AIM OF THE EXERCISE: Go through the data below and return each line where the string "units" appears.

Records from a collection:
.....

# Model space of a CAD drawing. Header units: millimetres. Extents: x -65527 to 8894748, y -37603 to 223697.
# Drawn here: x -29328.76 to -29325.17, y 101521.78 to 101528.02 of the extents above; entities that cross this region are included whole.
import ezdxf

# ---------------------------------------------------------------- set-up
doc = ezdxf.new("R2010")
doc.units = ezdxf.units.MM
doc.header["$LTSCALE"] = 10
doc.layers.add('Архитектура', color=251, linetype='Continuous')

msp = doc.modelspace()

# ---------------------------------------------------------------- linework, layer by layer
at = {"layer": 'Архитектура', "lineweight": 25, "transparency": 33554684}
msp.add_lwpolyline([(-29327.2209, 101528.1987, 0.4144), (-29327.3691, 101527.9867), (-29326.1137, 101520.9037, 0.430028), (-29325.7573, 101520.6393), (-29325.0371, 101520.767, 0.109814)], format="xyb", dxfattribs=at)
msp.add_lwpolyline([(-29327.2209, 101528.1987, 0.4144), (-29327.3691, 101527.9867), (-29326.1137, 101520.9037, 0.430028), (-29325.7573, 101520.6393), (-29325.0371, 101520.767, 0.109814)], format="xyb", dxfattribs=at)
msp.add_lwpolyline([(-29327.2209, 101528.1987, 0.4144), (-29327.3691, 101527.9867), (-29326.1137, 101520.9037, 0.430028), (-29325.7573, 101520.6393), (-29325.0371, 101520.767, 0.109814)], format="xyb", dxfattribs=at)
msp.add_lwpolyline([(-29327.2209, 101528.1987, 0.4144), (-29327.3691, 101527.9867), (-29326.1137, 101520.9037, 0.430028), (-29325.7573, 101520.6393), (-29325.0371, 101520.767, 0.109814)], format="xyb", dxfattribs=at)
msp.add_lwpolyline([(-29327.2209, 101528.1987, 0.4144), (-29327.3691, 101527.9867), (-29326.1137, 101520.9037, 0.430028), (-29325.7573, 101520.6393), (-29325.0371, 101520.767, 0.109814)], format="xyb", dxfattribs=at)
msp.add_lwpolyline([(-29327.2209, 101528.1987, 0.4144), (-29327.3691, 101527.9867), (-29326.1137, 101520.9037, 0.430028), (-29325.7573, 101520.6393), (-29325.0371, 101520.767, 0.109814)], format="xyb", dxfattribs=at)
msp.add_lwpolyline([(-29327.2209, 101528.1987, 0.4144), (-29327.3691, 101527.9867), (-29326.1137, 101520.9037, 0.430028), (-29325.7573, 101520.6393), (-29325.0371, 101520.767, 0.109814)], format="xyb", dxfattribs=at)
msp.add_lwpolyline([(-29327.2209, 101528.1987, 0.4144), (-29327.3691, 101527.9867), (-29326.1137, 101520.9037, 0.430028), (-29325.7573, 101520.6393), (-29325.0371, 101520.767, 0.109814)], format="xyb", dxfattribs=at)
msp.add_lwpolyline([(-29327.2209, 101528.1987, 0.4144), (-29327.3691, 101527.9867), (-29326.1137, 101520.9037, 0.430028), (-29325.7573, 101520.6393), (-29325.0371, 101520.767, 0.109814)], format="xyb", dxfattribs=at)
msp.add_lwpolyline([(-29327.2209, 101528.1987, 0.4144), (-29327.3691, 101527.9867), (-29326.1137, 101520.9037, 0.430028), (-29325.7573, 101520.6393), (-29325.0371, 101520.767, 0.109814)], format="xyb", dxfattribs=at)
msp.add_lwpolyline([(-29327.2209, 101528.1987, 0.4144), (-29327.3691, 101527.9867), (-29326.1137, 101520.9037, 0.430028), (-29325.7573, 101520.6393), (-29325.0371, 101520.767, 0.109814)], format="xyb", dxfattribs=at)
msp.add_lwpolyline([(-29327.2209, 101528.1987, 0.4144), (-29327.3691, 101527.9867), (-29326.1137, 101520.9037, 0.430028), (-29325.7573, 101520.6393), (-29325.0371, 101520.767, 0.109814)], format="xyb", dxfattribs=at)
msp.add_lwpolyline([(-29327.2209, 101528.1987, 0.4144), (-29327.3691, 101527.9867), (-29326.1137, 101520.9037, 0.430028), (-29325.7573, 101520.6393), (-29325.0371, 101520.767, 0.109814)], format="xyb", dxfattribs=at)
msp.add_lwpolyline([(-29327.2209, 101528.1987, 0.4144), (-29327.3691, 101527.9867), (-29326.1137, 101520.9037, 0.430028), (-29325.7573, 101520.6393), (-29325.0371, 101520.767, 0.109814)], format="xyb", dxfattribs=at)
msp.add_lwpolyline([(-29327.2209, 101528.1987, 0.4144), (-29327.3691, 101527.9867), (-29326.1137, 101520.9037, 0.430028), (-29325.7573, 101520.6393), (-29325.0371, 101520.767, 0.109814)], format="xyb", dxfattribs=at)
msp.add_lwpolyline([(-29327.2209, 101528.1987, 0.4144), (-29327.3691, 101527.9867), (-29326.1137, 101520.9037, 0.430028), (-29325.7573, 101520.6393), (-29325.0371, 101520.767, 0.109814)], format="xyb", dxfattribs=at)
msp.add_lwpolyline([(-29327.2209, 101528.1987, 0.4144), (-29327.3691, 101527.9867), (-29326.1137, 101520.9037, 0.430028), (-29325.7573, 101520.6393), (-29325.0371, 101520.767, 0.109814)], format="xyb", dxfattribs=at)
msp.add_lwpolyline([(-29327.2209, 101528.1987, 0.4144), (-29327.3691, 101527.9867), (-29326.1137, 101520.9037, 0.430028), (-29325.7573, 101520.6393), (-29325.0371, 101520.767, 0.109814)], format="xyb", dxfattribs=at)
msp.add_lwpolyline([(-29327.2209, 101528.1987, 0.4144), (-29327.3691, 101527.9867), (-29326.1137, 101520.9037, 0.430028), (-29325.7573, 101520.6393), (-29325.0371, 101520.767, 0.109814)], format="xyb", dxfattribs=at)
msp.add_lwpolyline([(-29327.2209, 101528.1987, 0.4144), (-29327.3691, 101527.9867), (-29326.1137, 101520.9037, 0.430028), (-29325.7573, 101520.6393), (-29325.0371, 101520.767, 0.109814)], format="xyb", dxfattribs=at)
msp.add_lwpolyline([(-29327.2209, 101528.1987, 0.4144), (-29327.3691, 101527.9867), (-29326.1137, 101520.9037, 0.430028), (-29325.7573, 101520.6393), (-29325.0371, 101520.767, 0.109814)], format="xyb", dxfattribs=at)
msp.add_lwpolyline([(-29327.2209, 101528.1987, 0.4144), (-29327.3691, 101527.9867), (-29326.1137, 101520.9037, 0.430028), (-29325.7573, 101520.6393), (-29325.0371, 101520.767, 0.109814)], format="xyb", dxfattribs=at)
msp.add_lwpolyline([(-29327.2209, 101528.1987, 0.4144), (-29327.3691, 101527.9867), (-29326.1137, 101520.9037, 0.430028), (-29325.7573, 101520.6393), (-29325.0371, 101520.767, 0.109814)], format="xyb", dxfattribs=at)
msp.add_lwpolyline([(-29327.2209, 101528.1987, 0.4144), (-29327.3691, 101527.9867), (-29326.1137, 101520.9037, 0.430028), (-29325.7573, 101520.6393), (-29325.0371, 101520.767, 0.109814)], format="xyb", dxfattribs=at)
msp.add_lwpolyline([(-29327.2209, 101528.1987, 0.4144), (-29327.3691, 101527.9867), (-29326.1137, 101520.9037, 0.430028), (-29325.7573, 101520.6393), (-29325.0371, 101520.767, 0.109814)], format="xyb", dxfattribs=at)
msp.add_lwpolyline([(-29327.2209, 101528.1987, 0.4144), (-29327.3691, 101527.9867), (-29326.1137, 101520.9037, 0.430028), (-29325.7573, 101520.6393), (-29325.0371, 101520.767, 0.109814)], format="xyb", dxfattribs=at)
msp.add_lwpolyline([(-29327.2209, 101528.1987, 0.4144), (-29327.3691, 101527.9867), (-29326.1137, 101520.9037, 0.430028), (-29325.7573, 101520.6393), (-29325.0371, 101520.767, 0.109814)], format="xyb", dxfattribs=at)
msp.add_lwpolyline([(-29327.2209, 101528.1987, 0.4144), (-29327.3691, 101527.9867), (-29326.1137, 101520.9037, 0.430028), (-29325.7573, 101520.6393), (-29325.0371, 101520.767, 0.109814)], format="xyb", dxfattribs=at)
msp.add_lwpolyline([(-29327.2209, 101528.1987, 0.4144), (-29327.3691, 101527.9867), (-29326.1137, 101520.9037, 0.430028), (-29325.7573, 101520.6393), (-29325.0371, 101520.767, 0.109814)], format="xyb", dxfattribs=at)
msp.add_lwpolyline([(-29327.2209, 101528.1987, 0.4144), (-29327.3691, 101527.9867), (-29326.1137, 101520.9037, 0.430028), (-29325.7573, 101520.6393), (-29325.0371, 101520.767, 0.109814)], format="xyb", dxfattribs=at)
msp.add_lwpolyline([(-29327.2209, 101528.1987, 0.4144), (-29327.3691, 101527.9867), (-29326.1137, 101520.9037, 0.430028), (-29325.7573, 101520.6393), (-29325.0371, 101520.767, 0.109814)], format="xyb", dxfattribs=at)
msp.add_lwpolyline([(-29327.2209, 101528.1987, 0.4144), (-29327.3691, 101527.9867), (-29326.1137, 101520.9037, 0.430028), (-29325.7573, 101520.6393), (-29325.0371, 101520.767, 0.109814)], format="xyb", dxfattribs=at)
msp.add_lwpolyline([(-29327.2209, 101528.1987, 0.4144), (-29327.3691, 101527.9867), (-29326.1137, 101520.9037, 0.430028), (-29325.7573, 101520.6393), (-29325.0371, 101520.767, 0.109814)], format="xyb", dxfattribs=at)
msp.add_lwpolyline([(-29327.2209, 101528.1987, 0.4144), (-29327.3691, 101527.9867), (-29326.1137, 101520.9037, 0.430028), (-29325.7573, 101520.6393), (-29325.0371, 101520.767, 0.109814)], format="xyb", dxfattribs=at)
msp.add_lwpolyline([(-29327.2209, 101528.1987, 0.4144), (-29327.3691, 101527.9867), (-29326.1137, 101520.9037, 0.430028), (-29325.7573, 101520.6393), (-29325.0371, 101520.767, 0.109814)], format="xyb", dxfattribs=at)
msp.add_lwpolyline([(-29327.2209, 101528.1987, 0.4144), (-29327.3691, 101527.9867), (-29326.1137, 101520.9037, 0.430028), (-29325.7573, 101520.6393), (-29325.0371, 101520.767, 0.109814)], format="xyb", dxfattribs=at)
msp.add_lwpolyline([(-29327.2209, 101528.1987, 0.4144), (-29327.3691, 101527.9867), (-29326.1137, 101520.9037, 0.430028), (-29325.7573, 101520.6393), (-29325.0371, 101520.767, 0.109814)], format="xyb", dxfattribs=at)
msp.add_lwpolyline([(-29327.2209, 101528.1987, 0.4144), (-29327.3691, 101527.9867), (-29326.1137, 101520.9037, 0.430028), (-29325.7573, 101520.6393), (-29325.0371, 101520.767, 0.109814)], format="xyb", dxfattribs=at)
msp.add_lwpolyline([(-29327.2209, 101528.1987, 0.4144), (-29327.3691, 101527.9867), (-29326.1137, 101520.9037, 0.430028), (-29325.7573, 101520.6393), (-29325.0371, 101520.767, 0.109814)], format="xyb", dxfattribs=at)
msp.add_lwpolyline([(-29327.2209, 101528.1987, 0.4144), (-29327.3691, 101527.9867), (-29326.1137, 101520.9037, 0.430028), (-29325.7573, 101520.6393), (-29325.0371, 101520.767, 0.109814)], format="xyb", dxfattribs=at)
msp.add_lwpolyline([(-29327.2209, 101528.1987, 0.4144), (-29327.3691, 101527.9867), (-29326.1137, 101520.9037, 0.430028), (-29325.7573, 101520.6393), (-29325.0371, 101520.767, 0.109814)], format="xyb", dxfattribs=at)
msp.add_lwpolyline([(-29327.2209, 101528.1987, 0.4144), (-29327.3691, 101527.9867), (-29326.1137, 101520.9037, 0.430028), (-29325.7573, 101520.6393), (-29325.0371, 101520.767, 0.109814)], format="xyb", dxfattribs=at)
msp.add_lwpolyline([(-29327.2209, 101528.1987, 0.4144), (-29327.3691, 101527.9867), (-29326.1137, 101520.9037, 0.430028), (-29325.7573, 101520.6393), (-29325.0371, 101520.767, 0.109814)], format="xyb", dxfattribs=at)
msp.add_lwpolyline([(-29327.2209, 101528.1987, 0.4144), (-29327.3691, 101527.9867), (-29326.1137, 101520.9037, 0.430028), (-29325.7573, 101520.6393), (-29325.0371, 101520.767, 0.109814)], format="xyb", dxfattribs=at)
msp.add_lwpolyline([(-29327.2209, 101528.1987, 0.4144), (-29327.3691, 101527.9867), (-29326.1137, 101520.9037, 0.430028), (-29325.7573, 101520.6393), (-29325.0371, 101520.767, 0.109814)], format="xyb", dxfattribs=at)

.....

EXPECTED ANSWER:
# Model space of a CAD drawing. Header units: millimetres. Extents: x -65527 to 8894748, y -37603 to 223697.
doc.units = ezdxf.units.MM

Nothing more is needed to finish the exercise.